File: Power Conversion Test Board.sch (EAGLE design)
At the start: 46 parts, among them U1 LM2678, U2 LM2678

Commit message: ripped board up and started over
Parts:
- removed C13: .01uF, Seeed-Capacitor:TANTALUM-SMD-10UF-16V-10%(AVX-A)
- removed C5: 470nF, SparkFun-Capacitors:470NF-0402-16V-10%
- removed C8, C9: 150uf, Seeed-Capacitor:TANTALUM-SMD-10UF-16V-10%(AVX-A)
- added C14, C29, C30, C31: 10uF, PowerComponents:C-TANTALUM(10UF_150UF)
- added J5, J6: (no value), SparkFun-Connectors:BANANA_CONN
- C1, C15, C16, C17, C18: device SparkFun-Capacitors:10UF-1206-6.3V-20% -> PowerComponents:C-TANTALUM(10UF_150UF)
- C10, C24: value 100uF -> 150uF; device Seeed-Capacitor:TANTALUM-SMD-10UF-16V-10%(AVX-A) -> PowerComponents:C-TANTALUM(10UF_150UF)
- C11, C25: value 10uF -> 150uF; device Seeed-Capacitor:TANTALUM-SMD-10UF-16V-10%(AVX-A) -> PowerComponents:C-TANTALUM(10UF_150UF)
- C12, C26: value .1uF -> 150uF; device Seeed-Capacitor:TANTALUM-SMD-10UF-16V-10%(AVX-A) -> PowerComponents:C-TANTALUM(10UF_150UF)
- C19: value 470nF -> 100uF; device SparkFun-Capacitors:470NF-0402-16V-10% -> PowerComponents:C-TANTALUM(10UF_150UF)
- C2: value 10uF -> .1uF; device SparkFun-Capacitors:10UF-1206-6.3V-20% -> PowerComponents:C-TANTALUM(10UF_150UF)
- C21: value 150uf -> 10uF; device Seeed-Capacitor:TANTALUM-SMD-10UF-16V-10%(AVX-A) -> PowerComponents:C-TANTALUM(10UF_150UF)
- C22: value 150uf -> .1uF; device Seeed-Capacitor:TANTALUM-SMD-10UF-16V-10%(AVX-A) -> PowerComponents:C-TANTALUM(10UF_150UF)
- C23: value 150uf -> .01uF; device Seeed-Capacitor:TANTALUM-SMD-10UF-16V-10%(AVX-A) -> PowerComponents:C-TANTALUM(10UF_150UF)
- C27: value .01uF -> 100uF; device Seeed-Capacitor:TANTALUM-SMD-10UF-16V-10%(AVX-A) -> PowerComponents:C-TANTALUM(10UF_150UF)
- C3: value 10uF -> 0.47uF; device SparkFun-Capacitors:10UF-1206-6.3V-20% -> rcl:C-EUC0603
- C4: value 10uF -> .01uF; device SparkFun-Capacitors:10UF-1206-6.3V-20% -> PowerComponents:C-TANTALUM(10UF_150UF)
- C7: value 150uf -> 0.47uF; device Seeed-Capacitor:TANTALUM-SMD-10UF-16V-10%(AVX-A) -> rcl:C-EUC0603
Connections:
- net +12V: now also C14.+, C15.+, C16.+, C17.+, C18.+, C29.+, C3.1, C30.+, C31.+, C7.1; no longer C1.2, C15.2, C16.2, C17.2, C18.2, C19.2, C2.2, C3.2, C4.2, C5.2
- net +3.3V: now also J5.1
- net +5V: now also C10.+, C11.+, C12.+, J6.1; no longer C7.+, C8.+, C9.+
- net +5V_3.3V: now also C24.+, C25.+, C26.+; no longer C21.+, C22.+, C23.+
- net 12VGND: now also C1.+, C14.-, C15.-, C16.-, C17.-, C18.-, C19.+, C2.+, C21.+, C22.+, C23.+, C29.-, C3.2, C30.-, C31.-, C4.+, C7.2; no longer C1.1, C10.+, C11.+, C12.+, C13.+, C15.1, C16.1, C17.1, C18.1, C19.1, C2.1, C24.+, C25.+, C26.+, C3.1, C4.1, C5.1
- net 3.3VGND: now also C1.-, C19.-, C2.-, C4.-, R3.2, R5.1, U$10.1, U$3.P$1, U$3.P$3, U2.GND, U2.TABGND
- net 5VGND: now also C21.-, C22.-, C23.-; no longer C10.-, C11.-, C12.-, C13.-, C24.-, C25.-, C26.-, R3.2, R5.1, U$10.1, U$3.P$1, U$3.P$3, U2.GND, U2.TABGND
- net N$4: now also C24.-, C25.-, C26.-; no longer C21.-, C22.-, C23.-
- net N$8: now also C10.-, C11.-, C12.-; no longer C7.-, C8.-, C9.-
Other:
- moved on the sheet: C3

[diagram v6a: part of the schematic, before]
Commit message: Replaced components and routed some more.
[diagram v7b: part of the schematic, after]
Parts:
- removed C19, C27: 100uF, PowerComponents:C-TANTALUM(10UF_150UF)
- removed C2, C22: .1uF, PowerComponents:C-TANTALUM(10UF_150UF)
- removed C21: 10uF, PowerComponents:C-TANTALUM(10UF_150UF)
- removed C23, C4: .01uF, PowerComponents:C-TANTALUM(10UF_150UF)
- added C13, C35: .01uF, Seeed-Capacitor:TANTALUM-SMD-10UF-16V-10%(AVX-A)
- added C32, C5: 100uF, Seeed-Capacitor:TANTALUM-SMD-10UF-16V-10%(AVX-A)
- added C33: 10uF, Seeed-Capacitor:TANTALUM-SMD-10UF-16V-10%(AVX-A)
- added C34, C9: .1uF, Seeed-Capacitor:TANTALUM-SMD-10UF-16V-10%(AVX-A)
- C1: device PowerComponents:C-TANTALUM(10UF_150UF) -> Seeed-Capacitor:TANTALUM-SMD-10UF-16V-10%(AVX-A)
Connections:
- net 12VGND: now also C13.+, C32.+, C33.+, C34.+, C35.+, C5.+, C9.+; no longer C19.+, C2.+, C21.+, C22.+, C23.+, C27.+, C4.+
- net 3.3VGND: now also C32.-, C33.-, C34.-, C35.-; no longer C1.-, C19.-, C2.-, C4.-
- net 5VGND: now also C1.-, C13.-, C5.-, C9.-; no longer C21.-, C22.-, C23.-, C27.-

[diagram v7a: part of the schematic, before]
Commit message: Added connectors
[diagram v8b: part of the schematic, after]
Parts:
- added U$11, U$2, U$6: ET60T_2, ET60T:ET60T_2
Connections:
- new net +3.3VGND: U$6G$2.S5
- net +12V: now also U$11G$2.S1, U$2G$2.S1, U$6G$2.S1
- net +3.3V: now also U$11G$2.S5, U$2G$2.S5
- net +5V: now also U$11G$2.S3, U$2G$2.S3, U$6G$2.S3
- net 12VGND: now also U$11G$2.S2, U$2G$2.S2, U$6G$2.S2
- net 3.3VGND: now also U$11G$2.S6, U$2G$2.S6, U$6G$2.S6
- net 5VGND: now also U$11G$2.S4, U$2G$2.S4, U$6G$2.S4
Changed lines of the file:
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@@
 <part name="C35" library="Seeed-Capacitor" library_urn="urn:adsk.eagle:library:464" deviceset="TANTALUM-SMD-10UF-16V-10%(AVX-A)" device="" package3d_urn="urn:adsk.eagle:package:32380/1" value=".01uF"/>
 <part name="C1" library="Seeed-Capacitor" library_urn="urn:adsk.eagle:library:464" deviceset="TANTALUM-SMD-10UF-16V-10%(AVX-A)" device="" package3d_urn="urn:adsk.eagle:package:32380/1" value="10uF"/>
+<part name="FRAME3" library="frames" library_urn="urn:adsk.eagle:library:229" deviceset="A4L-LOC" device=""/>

Your goal: Each line containing the word "SparkFun" must be pulled from the listing and copied.

Worked solution:
- removed C5: 470nF, SparkFun-Capacitors:470NF-0402-16V-10%
- added J5, J6: (no value), SparkFun-Connectors:BANANA_CONN
- C1, C15, C16, C17, C18: device SparkFun-Capacitors:10UF-1206-6.3V-20% -> PowerComponents:C-TANTALUM(10UF_150UF)
- C19: value 470nF -> 100uF; device SparkFun-Capacitors:470NF-0402-16V-10% -> PowerComponents:C-TANTALUM(10UF_150UF)
- C2: value 10uF -> .1uF; device SparkFun-Capacitors:10UF-1206-6.3V-20% -> PowerComponents:C-TANTALUM(10UF_150UF)
- C3: value 10uF -> 0.47uF; device SparkFun-Capacitors:10UF-1206-6.3V-20% -> rcl:C-EUC0603
- C4: value 10uF -> .01uF; device SparkFun-Capacitors:10UF-1206-6.3V-20% -> PowerComponents:C-TANTALUM(10UF_150UF)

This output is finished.